# Data
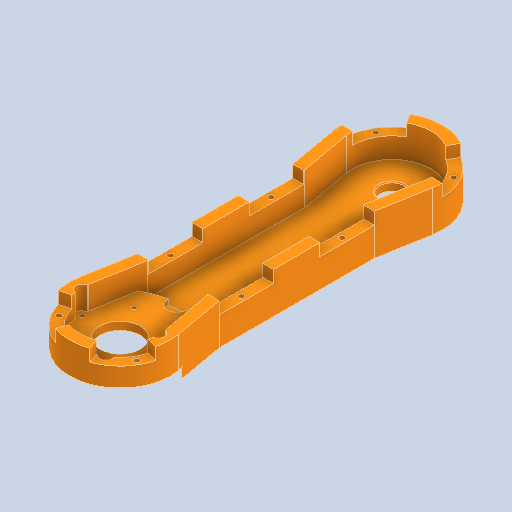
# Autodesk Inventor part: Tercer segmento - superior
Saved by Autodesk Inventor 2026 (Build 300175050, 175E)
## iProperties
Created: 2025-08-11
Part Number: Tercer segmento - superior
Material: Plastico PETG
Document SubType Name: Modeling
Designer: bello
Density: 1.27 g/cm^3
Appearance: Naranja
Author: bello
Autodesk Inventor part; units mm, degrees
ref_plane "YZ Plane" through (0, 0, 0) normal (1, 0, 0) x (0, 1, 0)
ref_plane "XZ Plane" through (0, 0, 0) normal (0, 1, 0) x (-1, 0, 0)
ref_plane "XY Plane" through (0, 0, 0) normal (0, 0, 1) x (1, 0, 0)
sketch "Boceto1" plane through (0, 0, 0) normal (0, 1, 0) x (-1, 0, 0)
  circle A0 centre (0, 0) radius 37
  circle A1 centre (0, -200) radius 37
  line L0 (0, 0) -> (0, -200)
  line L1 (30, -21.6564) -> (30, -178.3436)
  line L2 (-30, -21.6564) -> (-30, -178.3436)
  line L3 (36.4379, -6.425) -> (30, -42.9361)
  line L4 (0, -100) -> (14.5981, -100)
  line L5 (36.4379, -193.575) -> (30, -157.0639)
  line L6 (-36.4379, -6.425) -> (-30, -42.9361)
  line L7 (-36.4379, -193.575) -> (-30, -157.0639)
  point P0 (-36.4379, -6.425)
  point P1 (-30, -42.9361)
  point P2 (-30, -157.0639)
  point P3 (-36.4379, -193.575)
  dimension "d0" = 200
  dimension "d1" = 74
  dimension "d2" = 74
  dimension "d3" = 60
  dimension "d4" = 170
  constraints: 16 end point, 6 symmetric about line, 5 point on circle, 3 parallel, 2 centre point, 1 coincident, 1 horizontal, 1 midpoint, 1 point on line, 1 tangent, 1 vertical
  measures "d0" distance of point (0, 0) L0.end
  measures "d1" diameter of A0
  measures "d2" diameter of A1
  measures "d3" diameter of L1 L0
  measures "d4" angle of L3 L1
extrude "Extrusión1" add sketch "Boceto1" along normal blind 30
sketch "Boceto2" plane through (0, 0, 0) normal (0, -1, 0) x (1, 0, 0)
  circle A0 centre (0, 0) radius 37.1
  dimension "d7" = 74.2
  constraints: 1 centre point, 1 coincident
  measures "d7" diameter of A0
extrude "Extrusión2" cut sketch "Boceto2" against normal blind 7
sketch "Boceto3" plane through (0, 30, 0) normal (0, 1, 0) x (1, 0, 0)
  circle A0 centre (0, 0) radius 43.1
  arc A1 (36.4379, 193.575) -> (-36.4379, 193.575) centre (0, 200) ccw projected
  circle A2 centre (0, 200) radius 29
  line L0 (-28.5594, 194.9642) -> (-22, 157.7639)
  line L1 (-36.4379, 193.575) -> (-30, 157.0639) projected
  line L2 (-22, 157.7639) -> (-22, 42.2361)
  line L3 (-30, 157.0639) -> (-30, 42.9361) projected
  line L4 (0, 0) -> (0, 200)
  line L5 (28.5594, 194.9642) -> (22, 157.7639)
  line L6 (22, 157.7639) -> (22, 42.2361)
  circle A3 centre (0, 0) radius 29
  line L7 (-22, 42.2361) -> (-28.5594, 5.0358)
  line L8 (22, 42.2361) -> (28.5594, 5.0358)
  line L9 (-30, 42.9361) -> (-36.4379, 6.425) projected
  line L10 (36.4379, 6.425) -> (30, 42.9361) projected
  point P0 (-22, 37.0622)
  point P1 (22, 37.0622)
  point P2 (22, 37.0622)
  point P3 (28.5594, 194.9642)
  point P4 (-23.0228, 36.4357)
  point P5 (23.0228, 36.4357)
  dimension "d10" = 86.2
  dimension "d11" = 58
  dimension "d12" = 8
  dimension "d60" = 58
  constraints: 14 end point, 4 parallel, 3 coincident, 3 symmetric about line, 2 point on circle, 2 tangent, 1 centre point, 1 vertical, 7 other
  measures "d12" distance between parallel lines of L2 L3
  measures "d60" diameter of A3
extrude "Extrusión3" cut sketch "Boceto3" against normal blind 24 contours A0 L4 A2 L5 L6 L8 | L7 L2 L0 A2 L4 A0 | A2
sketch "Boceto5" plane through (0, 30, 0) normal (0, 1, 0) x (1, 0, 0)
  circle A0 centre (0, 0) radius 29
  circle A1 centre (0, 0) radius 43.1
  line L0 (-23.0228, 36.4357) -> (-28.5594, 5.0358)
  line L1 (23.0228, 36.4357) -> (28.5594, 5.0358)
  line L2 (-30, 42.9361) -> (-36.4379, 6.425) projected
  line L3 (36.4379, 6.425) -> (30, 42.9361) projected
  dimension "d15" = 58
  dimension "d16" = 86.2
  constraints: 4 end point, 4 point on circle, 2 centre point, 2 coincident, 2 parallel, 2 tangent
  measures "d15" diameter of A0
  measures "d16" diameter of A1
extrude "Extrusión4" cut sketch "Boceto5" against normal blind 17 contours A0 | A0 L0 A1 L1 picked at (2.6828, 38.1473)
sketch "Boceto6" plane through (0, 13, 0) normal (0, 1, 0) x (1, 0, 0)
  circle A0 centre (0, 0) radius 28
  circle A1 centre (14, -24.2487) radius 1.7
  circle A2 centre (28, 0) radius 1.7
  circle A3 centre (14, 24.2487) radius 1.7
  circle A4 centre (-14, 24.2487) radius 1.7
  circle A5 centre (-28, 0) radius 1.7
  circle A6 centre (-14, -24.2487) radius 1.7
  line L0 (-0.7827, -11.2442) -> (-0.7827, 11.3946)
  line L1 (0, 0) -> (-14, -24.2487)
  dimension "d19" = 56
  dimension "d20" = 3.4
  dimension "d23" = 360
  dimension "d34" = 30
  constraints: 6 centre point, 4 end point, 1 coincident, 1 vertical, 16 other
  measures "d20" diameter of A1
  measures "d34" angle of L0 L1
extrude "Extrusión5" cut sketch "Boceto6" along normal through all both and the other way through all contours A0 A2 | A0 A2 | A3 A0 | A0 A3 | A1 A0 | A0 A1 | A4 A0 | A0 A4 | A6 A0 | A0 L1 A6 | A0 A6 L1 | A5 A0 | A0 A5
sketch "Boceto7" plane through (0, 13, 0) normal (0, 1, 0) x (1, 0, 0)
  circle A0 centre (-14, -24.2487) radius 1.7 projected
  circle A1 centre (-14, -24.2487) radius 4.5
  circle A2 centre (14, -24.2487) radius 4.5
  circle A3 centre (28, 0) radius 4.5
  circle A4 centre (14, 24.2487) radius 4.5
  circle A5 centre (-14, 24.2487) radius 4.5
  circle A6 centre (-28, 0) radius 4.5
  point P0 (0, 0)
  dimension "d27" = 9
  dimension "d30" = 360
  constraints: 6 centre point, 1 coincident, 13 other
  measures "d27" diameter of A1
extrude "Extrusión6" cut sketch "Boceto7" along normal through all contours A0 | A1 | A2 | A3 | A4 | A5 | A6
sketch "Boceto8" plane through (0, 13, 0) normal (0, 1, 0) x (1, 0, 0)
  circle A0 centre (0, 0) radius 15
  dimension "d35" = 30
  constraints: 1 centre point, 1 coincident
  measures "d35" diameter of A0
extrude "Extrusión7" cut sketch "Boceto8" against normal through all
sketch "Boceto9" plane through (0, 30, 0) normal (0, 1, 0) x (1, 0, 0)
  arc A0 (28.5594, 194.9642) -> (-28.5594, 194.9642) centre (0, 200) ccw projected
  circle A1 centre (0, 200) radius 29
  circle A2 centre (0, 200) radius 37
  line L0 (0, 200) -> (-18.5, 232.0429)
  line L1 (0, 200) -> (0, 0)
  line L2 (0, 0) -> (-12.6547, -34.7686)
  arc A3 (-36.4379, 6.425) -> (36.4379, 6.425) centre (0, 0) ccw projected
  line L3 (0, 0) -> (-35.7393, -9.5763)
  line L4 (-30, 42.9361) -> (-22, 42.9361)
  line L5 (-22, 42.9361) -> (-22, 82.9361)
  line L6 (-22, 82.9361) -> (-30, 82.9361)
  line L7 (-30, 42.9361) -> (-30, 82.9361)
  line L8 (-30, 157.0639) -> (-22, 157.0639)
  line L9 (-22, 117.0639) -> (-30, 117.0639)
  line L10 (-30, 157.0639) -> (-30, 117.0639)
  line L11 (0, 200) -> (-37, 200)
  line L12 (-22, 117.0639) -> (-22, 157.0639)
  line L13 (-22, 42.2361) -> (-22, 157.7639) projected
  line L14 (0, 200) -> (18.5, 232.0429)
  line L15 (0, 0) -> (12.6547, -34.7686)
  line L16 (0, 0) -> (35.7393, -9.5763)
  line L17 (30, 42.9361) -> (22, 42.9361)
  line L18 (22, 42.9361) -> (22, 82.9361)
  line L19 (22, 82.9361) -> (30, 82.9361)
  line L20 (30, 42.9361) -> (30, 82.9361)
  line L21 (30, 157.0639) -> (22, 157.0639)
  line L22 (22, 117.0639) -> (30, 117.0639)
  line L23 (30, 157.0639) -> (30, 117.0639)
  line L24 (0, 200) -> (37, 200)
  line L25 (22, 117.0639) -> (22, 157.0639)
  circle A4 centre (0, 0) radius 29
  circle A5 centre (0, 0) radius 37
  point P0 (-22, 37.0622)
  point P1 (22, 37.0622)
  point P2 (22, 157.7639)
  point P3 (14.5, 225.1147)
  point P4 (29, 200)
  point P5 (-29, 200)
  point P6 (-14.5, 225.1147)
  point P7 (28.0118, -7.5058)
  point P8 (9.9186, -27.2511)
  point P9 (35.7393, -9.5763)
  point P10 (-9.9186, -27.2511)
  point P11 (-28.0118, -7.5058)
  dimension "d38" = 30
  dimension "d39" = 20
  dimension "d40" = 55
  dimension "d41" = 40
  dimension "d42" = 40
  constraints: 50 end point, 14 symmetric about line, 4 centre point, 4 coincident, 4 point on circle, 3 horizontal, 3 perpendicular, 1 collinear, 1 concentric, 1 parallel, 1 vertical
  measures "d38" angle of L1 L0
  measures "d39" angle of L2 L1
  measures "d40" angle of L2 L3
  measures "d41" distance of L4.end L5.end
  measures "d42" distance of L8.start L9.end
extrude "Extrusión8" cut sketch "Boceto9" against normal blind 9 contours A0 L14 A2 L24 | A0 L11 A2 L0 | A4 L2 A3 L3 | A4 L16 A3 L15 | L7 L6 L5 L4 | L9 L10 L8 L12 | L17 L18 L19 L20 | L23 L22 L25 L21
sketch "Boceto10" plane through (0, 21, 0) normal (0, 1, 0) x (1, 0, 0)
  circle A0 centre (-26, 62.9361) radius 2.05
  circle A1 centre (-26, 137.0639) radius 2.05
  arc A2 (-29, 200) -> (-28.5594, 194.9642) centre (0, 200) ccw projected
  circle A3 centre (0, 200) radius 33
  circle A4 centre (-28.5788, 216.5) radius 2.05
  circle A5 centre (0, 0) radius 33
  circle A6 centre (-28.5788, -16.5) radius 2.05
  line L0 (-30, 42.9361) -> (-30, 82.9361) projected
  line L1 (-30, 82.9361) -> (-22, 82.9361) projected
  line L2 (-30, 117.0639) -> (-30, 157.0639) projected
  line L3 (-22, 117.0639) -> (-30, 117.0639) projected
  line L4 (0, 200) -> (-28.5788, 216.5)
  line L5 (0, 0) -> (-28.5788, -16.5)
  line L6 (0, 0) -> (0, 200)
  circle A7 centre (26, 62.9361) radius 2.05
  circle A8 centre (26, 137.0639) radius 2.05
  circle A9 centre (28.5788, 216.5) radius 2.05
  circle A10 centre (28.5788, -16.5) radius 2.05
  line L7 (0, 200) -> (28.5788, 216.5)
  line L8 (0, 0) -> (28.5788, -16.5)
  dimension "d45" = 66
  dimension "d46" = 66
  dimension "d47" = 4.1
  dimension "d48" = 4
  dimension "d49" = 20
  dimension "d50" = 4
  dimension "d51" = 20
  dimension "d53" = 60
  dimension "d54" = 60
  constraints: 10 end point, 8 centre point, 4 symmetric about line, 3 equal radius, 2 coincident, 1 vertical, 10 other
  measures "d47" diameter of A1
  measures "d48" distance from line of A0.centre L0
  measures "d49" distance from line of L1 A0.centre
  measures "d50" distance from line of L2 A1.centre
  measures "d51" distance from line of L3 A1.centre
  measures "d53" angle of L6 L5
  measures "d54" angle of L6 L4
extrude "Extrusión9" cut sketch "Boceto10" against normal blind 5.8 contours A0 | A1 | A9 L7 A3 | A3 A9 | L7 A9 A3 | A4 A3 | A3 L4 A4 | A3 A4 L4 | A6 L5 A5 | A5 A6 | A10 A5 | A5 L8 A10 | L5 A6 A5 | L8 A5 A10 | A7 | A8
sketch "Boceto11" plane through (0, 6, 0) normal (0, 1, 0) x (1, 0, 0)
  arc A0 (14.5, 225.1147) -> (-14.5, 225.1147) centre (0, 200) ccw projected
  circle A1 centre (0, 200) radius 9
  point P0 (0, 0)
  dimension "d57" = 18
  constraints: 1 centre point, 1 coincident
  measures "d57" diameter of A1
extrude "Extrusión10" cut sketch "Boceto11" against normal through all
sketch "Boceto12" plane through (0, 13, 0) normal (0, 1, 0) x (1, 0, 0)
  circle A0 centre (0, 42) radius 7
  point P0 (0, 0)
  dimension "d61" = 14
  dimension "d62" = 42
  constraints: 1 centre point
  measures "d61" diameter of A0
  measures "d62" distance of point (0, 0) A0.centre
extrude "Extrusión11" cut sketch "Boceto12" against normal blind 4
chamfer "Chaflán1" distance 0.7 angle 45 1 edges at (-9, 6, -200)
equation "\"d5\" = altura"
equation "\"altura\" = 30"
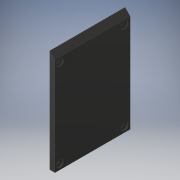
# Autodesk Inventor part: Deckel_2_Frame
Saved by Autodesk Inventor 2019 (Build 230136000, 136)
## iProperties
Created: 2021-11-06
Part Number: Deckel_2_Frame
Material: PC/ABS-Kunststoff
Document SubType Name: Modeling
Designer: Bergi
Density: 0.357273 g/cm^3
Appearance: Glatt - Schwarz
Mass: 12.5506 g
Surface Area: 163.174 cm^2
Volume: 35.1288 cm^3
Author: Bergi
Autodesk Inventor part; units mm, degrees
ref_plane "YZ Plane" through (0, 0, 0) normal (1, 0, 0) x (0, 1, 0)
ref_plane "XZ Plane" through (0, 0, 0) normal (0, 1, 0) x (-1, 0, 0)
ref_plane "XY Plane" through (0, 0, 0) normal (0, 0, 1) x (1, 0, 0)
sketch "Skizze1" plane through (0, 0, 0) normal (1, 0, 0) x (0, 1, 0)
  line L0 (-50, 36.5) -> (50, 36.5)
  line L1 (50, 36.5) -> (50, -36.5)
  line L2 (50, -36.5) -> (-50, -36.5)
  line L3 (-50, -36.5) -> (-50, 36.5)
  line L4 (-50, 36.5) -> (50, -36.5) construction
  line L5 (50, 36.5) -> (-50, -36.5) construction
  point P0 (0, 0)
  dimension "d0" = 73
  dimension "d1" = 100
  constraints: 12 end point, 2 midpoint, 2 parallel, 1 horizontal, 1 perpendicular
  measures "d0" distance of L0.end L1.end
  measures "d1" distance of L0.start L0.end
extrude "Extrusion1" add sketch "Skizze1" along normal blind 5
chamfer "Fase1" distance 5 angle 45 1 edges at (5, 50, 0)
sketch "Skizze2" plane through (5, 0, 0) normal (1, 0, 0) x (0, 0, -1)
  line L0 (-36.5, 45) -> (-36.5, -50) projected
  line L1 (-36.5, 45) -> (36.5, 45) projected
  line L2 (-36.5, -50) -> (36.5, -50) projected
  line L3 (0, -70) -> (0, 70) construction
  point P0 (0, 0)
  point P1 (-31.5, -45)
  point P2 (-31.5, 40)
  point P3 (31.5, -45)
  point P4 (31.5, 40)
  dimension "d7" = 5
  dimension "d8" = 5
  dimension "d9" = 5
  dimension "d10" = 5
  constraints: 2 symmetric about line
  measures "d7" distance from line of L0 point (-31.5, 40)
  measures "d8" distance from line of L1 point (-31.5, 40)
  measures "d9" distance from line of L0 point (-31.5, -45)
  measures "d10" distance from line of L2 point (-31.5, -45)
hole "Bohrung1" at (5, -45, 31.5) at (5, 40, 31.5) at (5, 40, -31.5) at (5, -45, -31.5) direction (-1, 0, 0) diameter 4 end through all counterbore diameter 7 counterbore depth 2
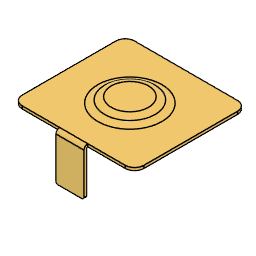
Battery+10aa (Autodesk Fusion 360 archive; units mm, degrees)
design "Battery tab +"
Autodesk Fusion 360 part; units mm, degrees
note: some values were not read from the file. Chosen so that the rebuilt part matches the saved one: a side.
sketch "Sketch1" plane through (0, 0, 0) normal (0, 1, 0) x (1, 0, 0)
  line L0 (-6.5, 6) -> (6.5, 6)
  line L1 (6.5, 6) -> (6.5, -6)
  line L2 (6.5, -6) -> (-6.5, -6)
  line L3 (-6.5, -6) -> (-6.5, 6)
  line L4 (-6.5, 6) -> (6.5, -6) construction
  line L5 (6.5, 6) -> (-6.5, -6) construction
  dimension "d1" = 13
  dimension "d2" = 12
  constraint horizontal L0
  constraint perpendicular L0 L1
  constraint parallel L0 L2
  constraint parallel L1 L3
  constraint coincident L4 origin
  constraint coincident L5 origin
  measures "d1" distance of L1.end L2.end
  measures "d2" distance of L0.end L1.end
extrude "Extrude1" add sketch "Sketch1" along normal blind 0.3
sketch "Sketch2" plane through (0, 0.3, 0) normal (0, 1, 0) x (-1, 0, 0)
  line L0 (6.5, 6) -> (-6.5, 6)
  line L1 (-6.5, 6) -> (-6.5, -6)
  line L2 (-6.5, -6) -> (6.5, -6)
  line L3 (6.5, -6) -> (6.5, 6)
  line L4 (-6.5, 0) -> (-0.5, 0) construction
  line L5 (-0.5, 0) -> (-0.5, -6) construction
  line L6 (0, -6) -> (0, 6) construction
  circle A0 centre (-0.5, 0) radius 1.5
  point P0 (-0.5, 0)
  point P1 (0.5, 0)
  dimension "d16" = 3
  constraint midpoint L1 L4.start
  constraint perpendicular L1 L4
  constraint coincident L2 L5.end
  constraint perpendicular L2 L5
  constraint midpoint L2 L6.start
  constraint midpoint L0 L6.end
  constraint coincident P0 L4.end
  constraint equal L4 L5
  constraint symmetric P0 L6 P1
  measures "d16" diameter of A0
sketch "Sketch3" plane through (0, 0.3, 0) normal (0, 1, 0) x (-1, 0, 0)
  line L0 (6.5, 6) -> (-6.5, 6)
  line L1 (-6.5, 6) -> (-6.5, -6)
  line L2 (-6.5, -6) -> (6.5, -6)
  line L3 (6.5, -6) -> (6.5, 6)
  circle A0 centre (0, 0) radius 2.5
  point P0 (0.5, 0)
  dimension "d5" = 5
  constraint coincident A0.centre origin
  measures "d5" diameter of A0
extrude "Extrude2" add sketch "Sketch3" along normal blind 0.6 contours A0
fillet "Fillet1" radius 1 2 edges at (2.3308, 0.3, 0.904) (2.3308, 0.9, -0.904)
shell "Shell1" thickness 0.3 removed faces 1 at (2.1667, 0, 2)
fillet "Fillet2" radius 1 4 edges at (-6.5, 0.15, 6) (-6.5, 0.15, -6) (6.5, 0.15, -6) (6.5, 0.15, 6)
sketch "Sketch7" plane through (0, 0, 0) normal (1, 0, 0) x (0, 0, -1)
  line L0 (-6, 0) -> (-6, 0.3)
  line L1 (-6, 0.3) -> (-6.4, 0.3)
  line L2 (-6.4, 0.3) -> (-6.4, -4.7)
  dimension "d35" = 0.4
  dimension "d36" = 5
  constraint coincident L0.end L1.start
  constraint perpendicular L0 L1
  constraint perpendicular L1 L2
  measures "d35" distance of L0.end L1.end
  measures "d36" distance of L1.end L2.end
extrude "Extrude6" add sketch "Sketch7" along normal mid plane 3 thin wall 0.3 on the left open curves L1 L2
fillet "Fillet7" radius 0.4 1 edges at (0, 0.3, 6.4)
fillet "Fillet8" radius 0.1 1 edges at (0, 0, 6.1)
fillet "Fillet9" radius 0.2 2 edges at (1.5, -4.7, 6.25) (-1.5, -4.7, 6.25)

# Exercise
The line containing "(0, 0.3, 6.4)" marks the start. Reproduce it and all lines after it through the end of the listing, exactly and alone.

# Response to the task
fillet "Fillet7" radius 0.4 1 edges at (0, 0.3, 6.4)
fillet "Fillet8" radius 0.1 1 edges at (0, 0, 6.1)
fillet "Fillet9" radius 0.2 2 edges at (1.5, -4.7, 6.25) (-1.5, -4.7, 6.25)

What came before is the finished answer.